New scientific data shows that garlic can be a potent immune-regulator. Researcher used mice implanted with transitional carcinoma (cancer) and introduced garlic extract both systemically (into the whole body) and into the actual tumors. They found that the tumors were reused and/or eliminated and that the degree of beneficial effect corresponded with the dosage level and length of garlic treatment.

In humans, garlic has been shown to enhance the activity of natural killer (NK) cells. These are cells that act as part of the immune defense system and can destroy some types of tumor cells.

Detoxification and Antioxidant Activities

Garlic contains significant amounts of vitamins A, C, B1, iron, copper, zinc, calcium and sulphur. It is a rich source of organically-bound selenium and germanium. Nutritionally, selenium is known to aid in detoxifying heavy metals and this may explain why garlic has been shown to be effective in countering lead, mercury, cadmium and arsenic poisoning.

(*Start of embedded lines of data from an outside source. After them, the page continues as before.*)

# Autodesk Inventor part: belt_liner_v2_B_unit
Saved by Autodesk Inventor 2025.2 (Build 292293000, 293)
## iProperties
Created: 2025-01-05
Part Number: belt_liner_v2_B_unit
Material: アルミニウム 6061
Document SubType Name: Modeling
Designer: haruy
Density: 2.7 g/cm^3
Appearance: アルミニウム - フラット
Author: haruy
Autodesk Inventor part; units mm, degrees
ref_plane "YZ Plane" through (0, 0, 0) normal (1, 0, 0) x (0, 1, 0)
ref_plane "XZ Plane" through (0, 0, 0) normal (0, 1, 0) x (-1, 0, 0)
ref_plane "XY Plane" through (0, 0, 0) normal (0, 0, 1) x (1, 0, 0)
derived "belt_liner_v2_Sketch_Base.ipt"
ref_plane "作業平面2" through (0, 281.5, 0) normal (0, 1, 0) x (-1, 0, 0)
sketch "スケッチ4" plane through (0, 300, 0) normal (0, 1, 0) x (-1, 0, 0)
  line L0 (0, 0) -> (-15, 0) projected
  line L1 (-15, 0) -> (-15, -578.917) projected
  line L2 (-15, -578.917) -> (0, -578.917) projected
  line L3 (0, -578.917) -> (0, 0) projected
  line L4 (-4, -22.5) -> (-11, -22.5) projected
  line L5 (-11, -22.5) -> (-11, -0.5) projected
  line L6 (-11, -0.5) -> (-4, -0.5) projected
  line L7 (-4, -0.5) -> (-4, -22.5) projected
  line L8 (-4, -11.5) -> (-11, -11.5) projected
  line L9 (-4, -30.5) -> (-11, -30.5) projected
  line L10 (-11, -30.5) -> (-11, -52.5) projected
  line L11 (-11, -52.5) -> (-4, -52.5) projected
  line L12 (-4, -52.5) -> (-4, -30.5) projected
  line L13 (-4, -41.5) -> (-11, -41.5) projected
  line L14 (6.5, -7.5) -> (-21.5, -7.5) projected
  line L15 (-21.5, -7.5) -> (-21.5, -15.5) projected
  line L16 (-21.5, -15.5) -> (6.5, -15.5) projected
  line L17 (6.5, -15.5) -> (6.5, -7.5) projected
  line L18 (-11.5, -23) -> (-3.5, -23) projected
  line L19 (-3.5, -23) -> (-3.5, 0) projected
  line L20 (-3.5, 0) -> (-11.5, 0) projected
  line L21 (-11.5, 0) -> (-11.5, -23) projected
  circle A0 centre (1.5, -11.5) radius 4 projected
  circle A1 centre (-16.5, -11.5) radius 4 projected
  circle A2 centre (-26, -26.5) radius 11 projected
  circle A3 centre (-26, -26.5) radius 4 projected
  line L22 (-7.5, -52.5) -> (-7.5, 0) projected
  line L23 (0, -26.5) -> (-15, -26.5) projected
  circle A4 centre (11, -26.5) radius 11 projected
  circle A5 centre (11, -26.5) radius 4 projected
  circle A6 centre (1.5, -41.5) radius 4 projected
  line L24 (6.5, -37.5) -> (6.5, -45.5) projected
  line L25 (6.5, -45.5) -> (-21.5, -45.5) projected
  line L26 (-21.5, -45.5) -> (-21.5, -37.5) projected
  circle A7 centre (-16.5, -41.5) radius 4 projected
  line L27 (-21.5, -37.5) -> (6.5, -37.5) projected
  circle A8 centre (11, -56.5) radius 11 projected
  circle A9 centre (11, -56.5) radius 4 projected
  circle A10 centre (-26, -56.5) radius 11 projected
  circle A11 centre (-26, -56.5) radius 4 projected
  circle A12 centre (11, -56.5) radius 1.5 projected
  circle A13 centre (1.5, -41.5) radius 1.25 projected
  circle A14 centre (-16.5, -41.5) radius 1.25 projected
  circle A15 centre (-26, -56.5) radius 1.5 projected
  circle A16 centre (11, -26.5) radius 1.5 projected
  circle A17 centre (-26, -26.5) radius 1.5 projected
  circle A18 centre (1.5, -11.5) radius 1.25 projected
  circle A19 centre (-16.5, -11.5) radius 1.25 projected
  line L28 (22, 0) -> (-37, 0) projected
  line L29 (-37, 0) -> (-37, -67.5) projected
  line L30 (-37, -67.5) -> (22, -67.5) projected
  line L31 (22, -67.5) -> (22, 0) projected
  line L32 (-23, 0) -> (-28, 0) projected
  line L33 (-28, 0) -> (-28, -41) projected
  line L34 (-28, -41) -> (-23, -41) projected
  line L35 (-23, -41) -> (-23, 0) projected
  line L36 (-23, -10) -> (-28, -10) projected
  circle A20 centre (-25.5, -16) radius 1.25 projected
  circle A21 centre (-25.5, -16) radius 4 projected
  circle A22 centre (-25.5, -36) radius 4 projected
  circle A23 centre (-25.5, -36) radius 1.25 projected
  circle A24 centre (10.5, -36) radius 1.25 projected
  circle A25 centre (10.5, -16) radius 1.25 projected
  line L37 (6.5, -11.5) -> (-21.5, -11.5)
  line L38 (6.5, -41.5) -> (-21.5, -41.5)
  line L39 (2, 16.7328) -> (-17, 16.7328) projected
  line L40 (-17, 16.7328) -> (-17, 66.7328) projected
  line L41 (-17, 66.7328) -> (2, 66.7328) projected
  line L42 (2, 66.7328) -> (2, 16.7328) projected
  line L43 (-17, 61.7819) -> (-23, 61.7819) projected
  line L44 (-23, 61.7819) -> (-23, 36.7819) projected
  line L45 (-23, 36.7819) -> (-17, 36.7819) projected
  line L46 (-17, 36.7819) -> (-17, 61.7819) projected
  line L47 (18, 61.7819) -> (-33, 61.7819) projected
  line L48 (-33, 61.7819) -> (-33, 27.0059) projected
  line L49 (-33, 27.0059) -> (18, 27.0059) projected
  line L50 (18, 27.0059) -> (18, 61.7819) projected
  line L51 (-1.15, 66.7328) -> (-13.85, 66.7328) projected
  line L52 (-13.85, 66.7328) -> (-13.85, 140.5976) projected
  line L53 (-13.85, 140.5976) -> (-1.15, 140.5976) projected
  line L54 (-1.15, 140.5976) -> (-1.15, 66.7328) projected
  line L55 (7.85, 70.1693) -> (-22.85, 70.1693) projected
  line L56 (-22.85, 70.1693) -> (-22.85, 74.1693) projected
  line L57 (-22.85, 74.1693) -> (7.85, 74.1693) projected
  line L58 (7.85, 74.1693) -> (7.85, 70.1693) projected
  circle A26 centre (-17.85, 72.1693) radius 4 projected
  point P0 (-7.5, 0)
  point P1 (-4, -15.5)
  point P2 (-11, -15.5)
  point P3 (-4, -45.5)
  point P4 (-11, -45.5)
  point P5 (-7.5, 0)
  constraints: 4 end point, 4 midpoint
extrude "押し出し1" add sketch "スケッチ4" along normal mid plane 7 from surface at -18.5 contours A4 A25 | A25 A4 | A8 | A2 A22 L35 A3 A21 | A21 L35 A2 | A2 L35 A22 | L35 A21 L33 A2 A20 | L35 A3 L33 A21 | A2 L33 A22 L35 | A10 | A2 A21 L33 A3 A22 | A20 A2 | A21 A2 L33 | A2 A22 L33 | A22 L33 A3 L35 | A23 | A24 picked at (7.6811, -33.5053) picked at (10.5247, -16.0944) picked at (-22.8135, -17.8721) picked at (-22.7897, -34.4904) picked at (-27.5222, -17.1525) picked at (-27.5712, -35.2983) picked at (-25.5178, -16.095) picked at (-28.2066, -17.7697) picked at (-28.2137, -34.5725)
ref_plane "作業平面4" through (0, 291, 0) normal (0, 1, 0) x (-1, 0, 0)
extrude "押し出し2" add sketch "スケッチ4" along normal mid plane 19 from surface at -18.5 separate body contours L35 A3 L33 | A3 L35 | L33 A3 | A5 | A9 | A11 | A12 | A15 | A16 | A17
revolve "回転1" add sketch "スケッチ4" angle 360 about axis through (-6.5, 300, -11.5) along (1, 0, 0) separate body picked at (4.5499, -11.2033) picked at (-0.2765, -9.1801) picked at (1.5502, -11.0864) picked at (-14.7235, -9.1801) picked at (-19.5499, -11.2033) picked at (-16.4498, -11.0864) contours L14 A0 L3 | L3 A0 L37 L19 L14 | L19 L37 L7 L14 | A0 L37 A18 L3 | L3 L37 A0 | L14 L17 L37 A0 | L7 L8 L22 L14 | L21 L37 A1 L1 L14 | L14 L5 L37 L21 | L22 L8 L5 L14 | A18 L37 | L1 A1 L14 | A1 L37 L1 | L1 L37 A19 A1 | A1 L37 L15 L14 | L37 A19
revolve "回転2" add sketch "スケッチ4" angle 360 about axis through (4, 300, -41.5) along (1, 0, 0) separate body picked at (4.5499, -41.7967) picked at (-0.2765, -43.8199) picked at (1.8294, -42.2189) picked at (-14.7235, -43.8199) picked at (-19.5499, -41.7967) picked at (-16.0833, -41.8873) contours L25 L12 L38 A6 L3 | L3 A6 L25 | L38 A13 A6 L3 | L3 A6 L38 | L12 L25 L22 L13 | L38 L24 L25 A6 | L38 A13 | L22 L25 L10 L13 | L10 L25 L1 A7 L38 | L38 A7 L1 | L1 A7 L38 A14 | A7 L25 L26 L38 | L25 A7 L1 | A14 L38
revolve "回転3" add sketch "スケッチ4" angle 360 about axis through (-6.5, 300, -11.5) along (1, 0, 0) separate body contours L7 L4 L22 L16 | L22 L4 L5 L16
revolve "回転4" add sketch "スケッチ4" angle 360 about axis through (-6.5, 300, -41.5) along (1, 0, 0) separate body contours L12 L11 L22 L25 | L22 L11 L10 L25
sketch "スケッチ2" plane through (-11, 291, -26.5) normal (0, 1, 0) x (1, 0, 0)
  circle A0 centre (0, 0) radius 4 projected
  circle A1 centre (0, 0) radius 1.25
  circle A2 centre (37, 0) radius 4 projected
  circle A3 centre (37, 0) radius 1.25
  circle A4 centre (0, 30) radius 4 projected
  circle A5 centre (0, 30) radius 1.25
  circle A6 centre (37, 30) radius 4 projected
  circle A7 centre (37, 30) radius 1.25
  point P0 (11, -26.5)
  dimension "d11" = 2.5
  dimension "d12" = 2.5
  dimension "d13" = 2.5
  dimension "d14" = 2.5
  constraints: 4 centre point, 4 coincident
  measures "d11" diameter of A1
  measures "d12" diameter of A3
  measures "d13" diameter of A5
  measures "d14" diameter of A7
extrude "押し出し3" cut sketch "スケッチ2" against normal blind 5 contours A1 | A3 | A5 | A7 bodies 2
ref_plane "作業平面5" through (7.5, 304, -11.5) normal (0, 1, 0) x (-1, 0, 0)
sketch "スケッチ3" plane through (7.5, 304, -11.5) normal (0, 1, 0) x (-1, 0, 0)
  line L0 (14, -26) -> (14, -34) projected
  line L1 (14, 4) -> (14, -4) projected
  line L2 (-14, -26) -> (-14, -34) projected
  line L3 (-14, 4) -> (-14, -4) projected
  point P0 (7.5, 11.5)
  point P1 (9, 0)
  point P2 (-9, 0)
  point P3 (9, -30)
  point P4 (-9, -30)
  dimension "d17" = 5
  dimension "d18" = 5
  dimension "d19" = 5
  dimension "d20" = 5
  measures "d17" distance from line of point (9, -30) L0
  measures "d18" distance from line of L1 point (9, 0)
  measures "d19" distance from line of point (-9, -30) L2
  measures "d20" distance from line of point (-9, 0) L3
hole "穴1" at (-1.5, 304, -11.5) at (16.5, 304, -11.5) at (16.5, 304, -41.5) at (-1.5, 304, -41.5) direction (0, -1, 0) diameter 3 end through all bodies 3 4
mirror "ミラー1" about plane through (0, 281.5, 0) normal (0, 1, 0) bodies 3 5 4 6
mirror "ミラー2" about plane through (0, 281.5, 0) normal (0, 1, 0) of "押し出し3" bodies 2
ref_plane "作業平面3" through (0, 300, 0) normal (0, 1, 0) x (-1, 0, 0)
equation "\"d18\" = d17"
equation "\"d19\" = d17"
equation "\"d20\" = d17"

There is a growing awareness of the damaging contribution that free radicals make to many degenerative conditions including cancer and ageing (see anti-oxidants). Garlic has been shown to have a free-radical scavenging activity, probably because of the oxidation potential of many of the free sulphur compounds in garlic and also from the selenium, zinc and glutathione found in garlic and known to enhance the concentration of certain antioxidant enzymes super oxide dismutase and gluta-thione peroxidase.

Garlic's antibacterial and antifungal activities come from allicin and ajoene respectively. Allicin is also responsible for the characteristic odor of garlic.

Raw Garlic versus Garlic Supplements

The very best form of garlic is raw and crushed, preferably certified organic. Be cautious about buying regular commercial garlic since some may be irradiated. When raw garlic is crushed it starts a chemical process which creates allicin and ajoene.

Crush raw garlic with the blade of a broad knife, or put it through a garlic press.

There are a variety of garlic supplements currently available from health food shops and chemists. Most of them are 'garlic pearls' which contain various amounts of garlic oil. There are also garlic tablets that contain dried powered garlic. Commercial garlic oil contains little allicin and ajoene, due to the heat extraction process: thus a great deal of the antimicrobial function is lost.

Homemade Garlic Oil

You can easily make your own garlic oil by crushing up and mincing enough garlic cloves to fill 1/4 cup. Put 1 cup of extra virgin olive oil or coconut oil in a jar with a tight fitting lid. Add the 1/4 cup of minced garlic. Keep at room temperature for 14 days, preferably in direct sunlight, and shake it once every day.

Garlic powders and tablets offer greater reliability in ensuring that at least some of the antimicrobial substances are still present. However these products can be very variable and some are useless. The best powders are those where freshly chopped or pureed garlic is used and has not been heated or dried for long periods, thus preserving the antimicrobial components. Best of all are freeze-dried preparations like Kyolic.

Garlic Tea

Another very effective way to get the benefits of raw garlic is by drinking garlic tea:

  • Boil 4 cups of filtered water, and remove it from the heat.
  • Add 4-5 large crushed cloves of garlic.
  • Add the juice of one lemon, freshly squeezed.
  • Drink 4 cups throughout the course of a day. It is good hot or cold. It may be reheated, but do not bring it to a boil.